JOSHUA STEIN: Well, the board itself is appointed by the mayor. It's supposed to be balanced between property owners and tenant representatives. And then you've got this circus of political demonstrators with signs and screaming and "Cancel rent" and "I'm a poor property owner and I can't make a living." It's all very emotional. Very irrational, having nothing to do with the alleged, uh, administrative mission of this board, which is supposed to look at how much expenses have gone up and let property owners keep up with their expenses. What has happened is because of the political pressures over the last five years, the expenses have gone up faster than the permitted rents have gone up. And this has been an absolute disaster for property owners.

MCNULTY: What would happen to some of these landlords, if they continue to lose out on this rent on these payments?

STEIN: Well, it's not only the rent guidelines board that is squeezing property owners. It is the pandemic, the evictions, the moratoriums, uh, and above all, ever rising expenses. And it is reasonable to predict foreclosures, changes in ownership, as a result. And then ultimately if these buildings become completely uneconomic, there will be real estate tax lien sales, where these buildings will not be able to pay their real estate taxes and the city will get to take them over.

MCNULTY: Could you just give me a few examples of what those property expenses are?

STEIN: The biggest one is actually real estate taxes. This the city takes about 30% of your gross revenue as real estate taxes. Payroll is another big one. You also have utilities, electric, water, you have insurance, and then you have repairs and maintenance. So, those expenses pretty much eat up probably 85% of your revenue.

MCNULTY: What would this zero to 2% increase mean for tenants and what is the best way to balance both the needs of landlords and tenants?

STEIN: Well, you know, you, you, you have to pay rent. There is a cost to providing housing. Housing is not free. So, if you're a property owner, your costs go up. If you're a tenant, it's entirely appropriate that your rent should go up, especially if it's way below market, as it often is with the rent regulation regime. Now, the best way to balance the interests of tenants and property owners is to seize the current moment as a perfect opportunity to get rid of rent regulations. And the reality is there's lots of vacant apartments, lots of them. Um, some of them are from people who have fled. Some of them are from rent regulated apartments that came back to the owners and the owners do not want to rent them because it's uneconomic to rent them. Uh, and you have rents declining as a result of the people who fled the city.

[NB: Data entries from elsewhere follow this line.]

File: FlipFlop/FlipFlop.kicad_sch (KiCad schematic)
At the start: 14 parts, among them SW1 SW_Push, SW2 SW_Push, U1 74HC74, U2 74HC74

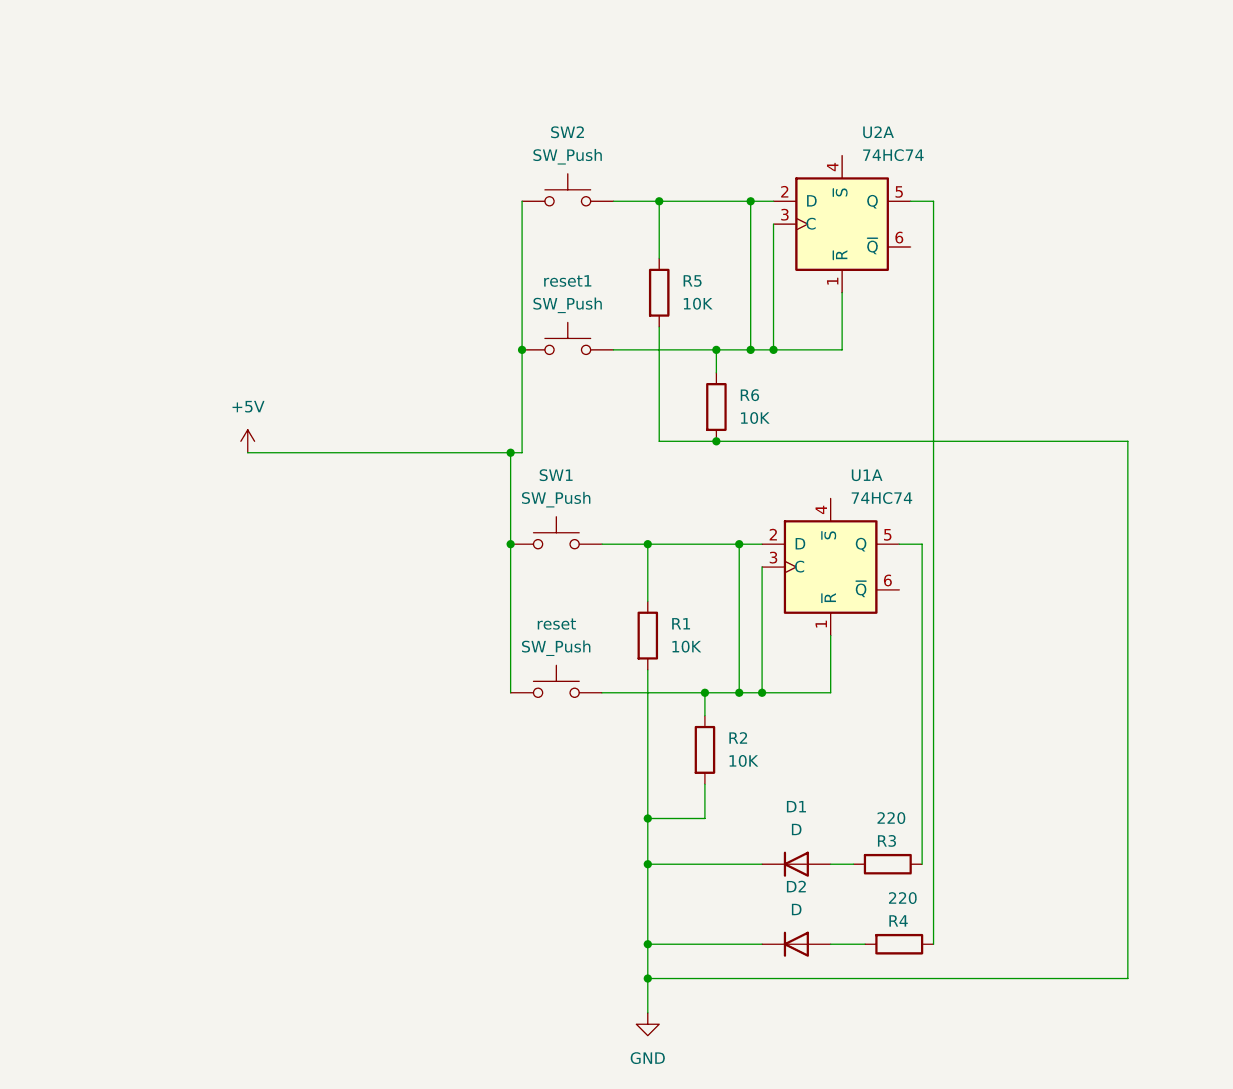
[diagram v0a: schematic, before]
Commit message: Verified FlipFlop reset did not need a clock signal
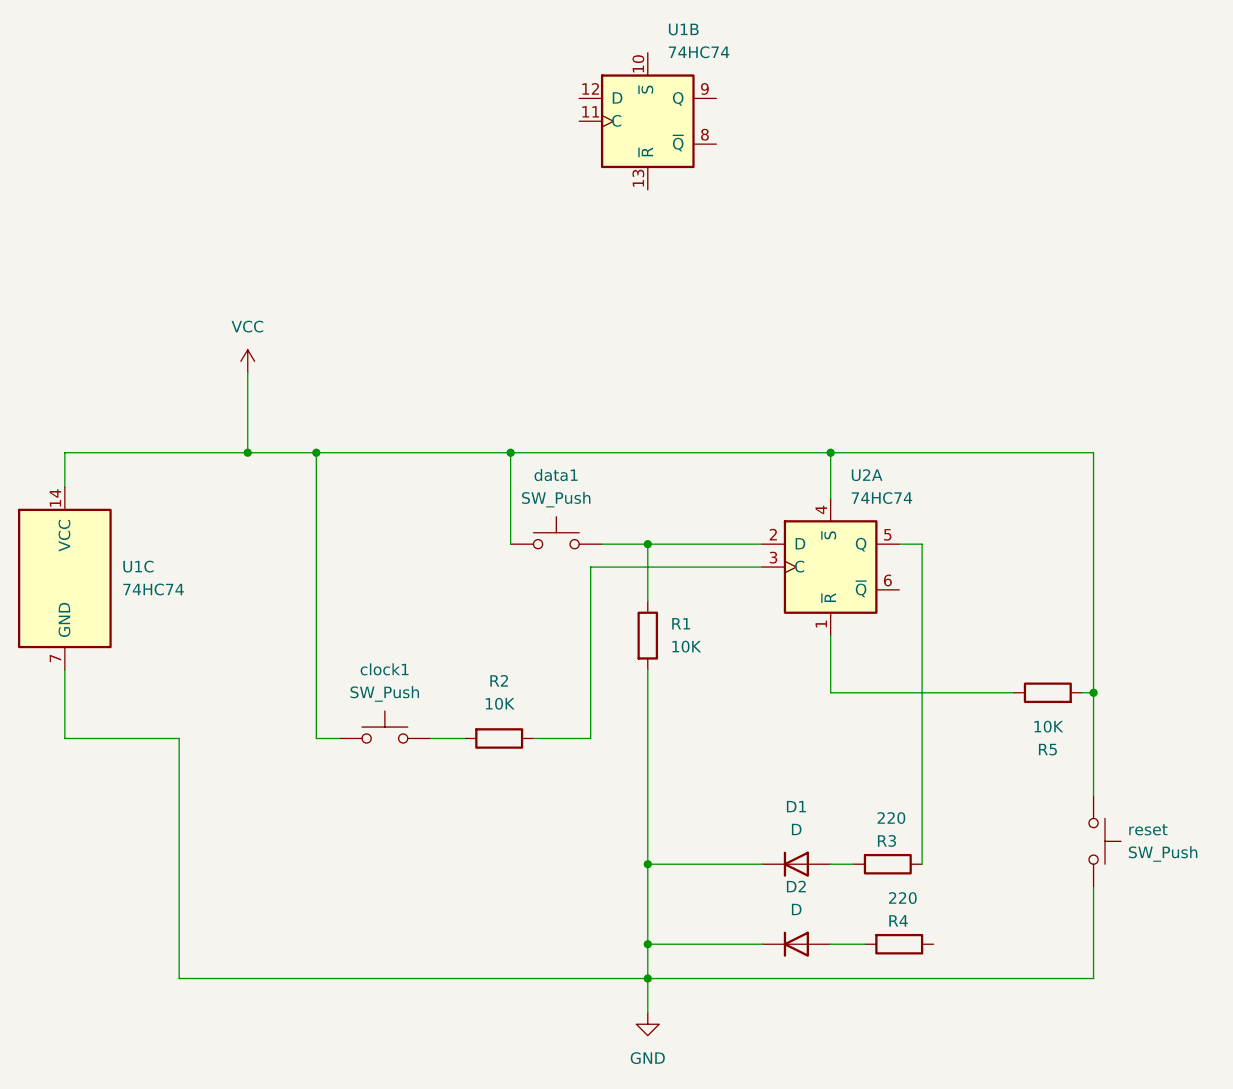
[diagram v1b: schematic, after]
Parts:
- removed R6: 10K, symbol Device:R
- removed SW2, reset1: SW_Push, Button_Switch_THT:SW_Tactile_Straight_KSA0Axx1LFTR, symbol Switch:SW_Push
- removed U1: 74HC74, Package_DIP:DIP-14_W7.62mm_Socket, symbol 74xx:74HC74
- added U1: 74HC74, Package_DIP:DIP-14_W7.62mm_Socket, symbol 74xx:74HC74
- added reset: SW_Push, Button_Switch_THT:SW_Tactile_Straight_KSA0Axx1LFTR, symbol Switch:SW_Push
- renumbered reset to clock1, SW1 to data1
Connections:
- net +5V is gone; now on net VCC: clock1.1, data1.1
- net GND: now also U1.7 (GND), reset.2; no longer R2.2, R5.2
- net at R5.1, U2.1 (~{R}): no longer U2.2 (D), U2.3 (C)
- net at R3.1: now also U2.5 (Q)
- net VCC: now reaches U2.4 (~{S})
- net VCC: now also R5.2, U1.14 (VCC), reset.1
- net at R4.1: no longer U2.5 (Q)
- net at R1.1, data1.2: now also U2.2 (D); no longer R2.1, clock1.2
- new net: R2.2, clock1.2
- new net: R2.1, U2.3 (C)
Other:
- moved on the sheet: R2, clock1

MCNULTY: But how would getting rid of rent regulation helps say tenants, who've lost their job during the pandemic?

STEIN: It is not as the job of property owners to accommodate the people who cannot afford the market price for whatever goods and services they need. That's a governmental, it's not something that should be foisted on, uh, the people who happen to own property and have tremendous expenses that they need to pay in order to operate the property in a responsible way.

MCNULTY: Joshua Stein is a commercial real estate attorney in New York City. Thank you so much for being with us.

STEIN: It was my pleasure and thanks a lot.